Hims & Hers revenue rises 4% to $608M, gross margins compress to 65%
Hims & Hers (NYSE:HIMS) posted first-quarter revenue of $608.1 million, a 4% increase compared to $586 million in the prior-year period.
However, the company’s gross margin fell to 65% from 73% a year ago, a compression driven by a strategic move away from compounded semaglutide.
The company reported a net loss of $92.1 million, or approximately $0.41 per share, a sharp reversal from the $49.5 million in net income recorded in the first quarter of 2025.
Adjusted EBITDA also declined, falling to $44.3 million from $91.1 million year-over-year.
The quarter marks a "defining year" for the platform, according to CEO Andrew Dudum, as the company pivots toward a business model centered on branded GLP-1 medications.
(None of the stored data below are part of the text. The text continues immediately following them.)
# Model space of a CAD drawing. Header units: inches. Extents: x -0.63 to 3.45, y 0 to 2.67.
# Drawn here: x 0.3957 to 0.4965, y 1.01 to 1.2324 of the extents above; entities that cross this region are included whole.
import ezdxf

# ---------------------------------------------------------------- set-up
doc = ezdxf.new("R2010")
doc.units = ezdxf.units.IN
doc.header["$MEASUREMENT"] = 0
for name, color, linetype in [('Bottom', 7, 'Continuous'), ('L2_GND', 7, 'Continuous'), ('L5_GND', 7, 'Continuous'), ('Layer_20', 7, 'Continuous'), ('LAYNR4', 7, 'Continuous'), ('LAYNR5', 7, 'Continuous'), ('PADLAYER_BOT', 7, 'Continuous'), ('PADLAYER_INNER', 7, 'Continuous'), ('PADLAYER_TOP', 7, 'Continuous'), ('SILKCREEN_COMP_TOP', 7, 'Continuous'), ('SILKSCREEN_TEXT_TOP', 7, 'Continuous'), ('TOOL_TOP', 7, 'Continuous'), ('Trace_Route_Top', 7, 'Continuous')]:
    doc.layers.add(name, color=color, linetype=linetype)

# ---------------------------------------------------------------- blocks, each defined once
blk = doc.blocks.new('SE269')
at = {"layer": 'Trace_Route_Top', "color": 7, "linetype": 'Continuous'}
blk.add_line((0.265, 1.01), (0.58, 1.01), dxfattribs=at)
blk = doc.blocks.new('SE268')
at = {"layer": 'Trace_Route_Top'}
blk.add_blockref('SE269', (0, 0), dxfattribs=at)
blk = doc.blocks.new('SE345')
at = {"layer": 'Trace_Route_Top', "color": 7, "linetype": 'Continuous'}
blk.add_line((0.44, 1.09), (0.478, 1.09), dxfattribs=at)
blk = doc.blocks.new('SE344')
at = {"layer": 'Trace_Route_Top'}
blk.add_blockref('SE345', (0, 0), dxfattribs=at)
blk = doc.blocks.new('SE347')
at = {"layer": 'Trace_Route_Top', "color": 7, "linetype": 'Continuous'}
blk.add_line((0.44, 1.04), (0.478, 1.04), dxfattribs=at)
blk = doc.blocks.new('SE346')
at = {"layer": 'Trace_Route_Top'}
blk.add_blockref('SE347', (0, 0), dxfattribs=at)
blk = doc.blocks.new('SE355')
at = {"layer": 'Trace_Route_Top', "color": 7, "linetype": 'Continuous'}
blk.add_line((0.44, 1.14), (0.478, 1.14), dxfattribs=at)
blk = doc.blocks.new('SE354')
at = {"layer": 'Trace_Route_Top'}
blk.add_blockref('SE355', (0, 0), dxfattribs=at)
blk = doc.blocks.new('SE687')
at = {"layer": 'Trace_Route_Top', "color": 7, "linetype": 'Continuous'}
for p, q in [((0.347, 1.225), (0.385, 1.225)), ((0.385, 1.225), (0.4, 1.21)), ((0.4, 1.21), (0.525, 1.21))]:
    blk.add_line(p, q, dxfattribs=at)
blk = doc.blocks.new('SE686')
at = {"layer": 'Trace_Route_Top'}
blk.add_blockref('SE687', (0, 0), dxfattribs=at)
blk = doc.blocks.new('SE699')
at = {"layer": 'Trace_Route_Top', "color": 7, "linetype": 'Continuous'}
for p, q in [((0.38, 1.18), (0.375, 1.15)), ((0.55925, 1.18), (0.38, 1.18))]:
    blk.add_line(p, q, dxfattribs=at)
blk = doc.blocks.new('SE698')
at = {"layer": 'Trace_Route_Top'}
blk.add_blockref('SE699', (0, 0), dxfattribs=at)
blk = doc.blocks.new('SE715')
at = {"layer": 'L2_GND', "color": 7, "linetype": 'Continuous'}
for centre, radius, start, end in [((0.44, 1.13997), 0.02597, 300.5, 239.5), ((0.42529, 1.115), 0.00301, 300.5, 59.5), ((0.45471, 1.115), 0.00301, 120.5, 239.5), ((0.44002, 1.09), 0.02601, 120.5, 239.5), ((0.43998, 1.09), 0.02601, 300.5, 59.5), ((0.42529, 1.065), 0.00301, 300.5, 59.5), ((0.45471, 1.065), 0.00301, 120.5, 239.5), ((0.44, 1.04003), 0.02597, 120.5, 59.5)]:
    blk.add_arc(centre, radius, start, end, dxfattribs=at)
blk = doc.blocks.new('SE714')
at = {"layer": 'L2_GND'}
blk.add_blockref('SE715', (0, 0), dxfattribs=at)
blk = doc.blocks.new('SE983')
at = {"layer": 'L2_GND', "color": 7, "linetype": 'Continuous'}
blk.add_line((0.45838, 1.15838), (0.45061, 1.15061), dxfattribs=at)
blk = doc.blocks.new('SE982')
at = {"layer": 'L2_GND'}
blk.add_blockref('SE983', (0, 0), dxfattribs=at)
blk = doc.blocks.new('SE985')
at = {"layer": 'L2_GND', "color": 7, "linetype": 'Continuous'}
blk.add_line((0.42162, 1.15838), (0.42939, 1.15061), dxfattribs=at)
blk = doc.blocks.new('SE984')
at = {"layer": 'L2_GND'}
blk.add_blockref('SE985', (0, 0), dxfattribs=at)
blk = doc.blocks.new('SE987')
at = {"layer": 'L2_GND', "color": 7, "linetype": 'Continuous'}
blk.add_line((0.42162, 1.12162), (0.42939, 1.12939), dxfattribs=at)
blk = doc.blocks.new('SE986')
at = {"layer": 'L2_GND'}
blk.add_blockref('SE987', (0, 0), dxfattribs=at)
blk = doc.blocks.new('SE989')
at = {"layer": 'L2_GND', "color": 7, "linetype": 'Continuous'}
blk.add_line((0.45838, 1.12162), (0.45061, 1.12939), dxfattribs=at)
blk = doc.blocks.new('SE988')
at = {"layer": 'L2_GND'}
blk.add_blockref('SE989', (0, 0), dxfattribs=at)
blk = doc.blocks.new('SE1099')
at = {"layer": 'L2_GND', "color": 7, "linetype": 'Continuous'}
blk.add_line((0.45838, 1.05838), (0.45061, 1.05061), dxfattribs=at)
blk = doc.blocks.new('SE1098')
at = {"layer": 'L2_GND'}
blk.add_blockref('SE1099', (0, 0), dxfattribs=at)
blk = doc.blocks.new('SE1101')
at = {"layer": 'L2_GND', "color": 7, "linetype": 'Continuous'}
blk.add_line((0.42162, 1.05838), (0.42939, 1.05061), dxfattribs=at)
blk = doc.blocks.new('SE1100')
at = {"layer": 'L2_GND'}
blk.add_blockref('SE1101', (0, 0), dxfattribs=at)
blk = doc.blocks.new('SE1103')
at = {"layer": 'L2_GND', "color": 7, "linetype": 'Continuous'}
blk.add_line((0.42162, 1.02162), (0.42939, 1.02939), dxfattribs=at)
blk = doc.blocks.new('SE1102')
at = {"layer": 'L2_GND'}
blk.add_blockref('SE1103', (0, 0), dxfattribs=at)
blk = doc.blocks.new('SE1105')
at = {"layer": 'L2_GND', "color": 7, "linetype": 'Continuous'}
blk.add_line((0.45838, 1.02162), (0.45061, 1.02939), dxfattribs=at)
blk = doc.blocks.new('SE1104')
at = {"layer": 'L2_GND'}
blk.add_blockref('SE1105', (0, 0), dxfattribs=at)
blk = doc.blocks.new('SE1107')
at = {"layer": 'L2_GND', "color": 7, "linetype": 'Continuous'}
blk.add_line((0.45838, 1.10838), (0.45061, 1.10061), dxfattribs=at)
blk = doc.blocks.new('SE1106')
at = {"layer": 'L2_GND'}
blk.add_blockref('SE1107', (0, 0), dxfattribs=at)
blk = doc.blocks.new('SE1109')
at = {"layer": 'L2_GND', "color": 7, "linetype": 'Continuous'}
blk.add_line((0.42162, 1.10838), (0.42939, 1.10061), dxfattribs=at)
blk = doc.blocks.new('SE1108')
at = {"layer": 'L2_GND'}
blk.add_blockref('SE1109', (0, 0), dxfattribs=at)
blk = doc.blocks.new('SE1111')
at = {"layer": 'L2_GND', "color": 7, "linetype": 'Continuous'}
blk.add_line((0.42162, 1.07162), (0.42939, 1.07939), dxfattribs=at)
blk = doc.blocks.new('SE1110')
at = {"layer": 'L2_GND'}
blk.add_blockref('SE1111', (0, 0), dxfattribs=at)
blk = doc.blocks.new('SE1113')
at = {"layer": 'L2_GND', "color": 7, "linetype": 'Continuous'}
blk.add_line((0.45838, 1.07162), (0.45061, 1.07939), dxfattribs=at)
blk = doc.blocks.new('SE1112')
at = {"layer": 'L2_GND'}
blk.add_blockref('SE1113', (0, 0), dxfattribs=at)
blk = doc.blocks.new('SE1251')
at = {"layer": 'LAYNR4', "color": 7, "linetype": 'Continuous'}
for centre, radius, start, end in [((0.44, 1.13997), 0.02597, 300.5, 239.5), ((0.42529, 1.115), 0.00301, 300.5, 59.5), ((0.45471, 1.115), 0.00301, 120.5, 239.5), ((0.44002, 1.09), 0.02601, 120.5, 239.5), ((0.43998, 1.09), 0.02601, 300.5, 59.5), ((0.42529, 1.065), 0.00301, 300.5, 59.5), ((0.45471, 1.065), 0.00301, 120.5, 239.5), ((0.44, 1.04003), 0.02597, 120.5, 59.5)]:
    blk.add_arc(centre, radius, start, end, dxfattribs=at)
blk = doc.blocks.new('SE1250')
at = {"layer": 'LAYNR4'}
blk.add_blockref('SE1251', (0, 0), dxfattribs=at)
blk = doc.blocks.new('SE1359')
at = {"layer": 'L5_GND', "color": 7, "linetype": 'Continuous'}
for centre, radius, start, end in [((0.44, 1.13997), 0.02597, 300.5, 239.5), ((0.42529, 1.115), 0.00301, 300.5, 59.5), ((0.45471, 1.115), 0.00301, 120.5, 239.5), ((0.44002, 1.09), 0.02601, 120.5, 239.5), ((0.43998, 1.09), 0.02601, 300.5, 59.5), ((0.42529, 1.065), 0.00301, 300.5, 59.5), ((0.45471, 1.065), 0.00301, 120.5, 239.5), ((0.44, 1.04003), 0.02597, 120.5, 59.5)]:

Following the resolution of drug shortages for Wegovy and Zepbound, Hims & Hers recently launched collaborations with Novo Nordisk and Eli Lilly to provide FDA-approved options directly to its 2.6 million subscribers.
While these partnerships ensure long-term regulatory stability, they carry higher acquisition costs and lower margins than the compounded offerings that fueled the company's triple-digit growth in 2025.
Despite the GAAP net loss, the company’s cash generation remained resilient.
Free cash flow for the quarter was $53 million, slightly exceeding the $50.1 million generated in the same period last year.
Hims & Hers ended the quarter with a robust subscriber base that grew 9% year-over-year, bolstered by the debut of its "Labs AI" agent, a tool designed to help users interpret biomarker data and personalize their wellness plans.
Looking ahead, management expressed confidence in the transition, raising its full-year 2026 revenue guidance to a range of $2.8 billion to $3.0 billion. The company also updated its adjusted EBITDA outlook to between $275 million and $350 million.